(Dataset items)
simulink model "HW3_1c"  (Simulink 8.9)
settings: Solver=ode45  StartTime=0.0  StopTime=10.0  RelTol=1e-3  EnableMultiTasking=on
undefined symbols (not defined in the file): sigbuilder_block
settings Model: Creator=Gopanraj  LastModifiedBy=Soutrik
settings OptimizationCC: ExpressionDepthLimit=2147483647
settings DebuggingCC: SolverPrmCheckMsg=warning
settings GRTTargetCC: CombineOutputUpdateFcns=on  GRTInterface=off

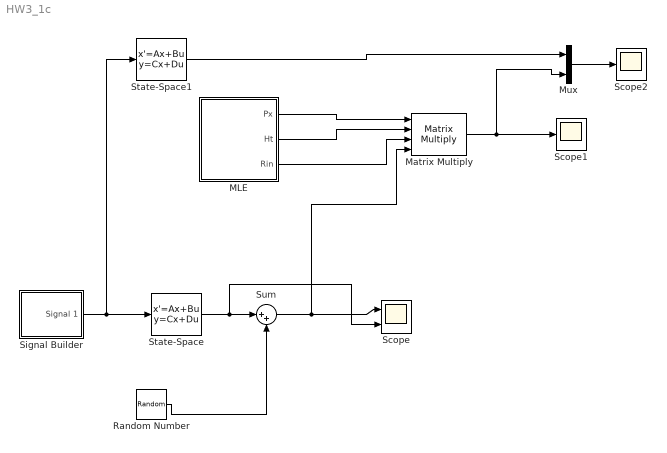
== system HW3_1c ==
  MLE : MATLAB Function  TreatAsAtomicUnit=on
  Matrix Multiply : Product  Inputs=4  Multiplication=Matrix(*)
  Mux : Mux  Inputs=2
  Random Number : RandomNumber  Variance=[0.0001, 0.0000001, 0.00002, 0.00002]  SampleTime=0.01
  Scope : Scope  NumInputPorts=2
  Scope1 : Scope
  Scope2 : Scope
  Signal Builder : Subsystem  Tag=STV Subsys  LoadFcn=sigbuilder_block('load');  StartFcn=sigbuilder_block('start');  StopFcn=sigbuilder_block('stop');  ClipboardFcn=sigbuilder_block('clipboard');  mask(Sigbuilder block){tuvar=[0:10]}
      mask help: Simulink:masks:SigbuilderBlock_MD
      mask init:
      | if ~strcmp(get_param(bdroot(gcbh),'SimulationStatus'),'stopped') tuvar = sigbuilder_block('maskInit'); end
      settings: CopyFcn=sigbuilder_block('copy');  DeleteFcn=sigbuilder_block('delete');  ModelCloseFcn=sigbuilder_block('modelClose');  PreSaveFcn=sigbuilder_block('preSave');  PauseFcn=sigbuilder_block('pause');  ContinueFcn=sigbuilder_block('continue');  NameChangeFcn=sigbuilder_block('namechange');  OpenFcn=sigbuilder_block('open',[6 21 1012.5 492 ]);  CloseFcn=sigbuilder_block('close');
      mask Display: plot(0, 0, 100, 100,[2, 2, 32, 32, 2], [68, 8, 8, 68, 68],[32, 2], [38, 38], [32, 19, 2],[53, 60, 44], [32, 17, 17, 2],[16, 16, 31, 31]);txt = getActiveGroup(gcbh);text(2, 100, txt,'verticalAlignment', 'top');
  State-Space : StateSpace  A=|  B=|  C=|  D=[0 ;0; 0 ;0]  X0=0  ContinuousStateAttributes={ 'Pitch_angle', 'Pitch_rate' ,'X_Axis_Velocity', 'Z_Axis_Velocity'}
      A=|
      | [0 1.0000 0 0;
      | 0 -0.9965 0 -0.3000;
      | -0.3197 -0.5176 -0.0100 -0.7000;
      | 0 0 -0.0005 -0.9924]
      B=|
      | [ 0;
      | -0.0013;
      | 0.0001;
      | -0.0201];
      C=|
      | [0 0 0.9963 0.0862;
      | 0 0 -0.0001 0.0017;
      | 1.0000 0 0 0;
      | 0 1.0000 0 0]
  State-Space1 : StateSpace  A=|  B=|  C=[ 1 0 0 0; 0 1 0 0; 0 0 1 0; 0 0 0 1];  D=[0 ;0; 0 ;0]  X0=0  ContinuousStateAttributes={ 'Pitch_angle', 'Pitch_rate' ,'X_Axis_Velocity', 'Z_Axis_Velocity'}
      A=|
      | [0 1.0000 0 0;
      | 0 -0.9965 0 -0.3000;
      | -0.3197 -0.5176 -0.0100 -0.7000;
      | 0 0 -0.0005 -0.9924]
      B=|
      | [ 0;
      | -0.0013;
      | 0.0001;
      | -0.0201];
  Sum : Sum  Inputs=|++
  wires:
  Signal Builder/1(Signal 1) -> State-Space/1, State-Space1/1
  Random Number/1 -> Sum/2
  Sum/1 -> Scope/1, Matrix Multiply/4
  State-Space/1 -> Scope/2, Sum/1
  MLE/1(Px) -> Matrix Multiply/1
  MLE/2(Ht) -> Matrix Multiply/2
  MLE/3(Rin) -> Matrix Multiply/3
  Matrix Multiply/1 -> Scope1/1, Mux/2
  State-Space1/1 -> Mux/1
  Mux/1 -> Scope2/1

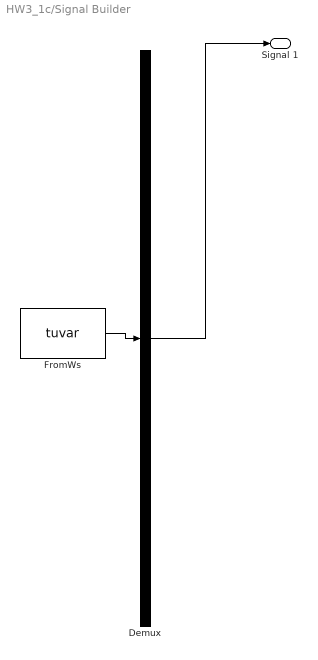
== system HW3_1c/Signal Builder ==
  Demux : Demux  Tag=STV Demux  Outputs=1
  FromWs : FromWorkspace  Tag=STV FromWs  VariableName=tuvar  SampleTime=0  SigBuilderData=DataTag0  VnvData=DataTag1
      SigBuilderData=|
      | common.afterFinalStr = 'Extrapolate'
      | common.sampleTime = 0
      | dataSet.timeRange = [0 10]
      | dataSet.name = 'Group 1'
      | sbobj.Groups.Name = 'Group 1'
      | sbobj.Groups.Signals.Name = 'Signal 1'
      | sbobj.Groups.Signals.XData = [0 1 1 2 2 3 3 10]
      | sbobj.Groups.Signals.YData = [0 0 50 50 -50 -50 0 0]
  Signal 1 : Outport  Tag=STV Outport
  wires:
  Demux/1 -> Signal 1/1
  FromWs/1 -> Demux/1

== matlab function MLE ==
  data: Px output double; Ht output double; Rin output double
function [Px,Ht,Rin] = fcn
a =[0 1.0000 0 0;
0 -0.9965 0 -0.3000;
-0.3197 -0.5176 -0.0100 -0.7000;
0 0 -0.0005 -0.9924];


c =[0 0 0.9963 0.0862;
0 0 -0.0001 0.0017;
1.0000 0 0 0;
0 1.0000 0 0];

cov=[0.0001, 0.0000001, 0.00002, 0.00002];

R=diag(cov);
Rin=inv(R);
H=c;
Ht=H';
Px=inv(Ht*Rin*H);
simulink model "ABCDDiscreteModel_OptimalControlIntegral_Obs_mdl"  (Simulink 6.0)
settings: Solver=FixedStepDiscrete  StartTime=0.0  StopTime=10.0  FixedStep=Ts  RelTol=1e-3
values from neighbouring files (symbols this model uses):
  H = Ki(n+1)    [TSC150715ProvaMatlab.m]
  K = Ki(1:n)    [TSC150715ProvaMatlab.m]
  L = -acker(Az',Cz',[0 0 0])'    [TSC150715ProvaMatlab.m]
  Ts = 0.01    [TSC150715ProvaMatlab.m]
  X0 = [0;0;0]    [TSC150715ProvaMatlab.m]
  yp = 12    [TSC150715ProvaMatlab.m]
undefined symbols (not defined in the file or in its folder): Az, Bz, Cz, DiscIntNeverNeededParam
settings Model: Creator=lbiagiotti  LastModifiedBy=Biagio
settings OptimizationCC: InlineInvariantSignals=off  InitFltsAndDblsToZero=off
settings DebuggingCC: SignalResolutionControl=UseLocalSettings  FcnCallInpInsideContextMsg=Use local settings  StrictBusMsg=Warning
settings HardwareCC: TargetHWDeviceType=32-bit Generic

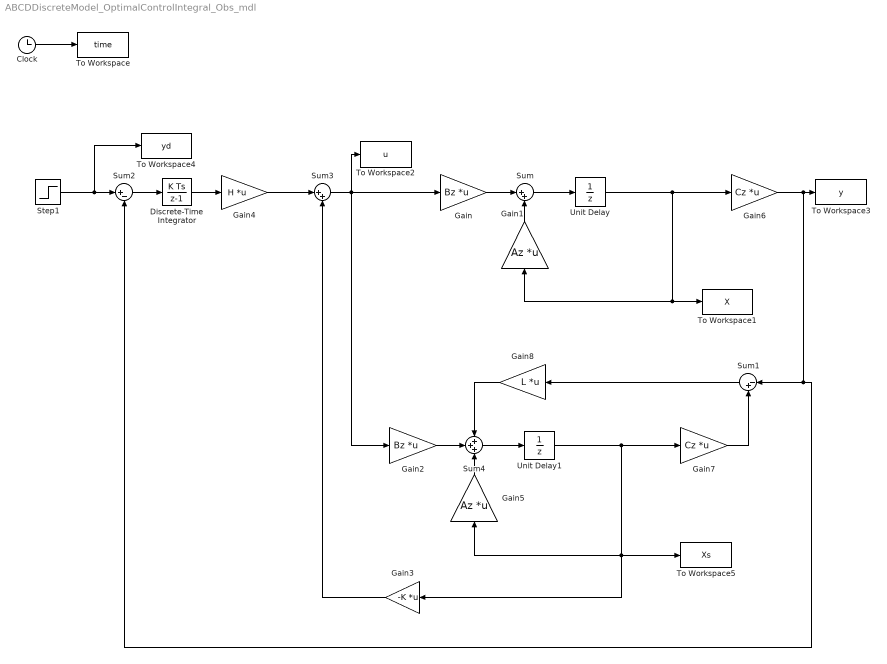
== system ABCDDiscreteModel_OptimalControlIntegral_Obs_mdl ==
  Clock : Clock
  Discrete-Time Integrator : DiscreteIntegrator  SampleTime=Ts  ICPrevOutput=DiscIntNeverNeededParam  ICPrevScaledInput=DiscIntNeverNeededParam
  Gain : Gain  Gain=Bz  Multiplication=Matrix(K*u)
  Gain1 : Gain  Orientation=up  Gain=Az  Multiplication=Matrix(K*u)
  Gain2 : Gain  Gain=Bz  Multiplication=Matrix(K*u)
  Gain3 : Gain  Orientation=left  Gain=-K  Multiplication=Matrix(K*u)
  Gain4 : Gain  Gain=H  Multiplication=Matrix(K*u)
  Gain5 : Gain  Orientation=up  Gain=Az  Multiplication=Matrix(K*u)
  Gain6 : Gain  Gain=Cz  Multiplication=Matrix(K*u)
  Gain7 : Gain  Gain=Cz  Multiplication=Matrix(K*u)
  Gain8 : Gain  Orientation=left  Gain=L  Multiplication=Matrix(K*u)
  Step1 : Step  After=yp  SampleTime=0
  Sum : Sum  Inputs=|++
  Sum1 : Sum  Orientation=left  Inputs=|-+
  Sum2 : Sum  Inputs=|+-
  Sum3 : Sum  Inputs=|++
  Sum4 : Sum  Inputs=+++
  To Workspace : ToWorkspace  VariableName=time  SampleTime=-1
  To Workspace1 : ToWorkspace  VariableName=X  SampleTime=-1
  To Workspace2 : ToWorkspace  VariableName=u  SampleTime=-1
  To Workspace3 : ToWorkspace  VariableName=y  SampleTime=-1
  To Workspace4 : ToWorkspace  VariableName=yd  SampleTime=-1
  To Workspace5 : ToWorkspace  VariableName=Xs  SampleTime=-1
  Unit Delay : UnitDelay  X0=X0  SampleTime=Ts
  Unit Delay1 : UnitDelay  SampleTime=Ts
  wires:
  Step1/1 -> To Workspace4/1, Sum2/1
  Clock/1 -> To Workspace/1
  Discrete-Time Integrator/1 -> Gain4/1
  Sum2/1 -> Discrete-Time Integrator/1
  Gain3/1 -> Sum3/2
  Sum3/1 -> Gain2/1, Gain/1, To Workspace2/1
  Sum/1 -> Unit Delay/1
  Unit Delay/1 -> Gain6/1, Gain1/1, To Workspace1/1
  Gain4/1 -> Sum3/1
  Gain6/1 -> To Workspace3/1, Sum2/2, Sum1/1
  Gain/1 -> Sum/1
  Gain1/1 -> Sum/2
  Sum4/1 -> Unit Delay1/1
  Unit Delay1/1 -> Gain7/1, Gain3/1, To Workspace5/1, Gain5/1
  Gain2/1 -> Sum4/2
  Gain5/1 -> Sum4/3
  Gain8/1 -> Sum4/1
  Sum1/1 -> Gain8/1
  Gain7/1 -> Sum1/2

> **Problem**
Your reply must contain exactly the lines from the first line of the data through the line holding "settings OptimizationCC: ExpressionDepthLimit=2147483647", and nothing more.

> **Answer below**
simulink model "HW3_1c"  (Simulink 8.9)
settings: Solver=ode45  StartTime=0.0  StopTime=10.0  RelTol=1e-3  EnableMultiTasking=on
undefined symbols (not defined in the file): sigbuilder_block
settings Model: Creator=Gopanraj  LastModifiedBy=Soutrik
settings OptimizationCC: ExpressionDepthLimit=2147483647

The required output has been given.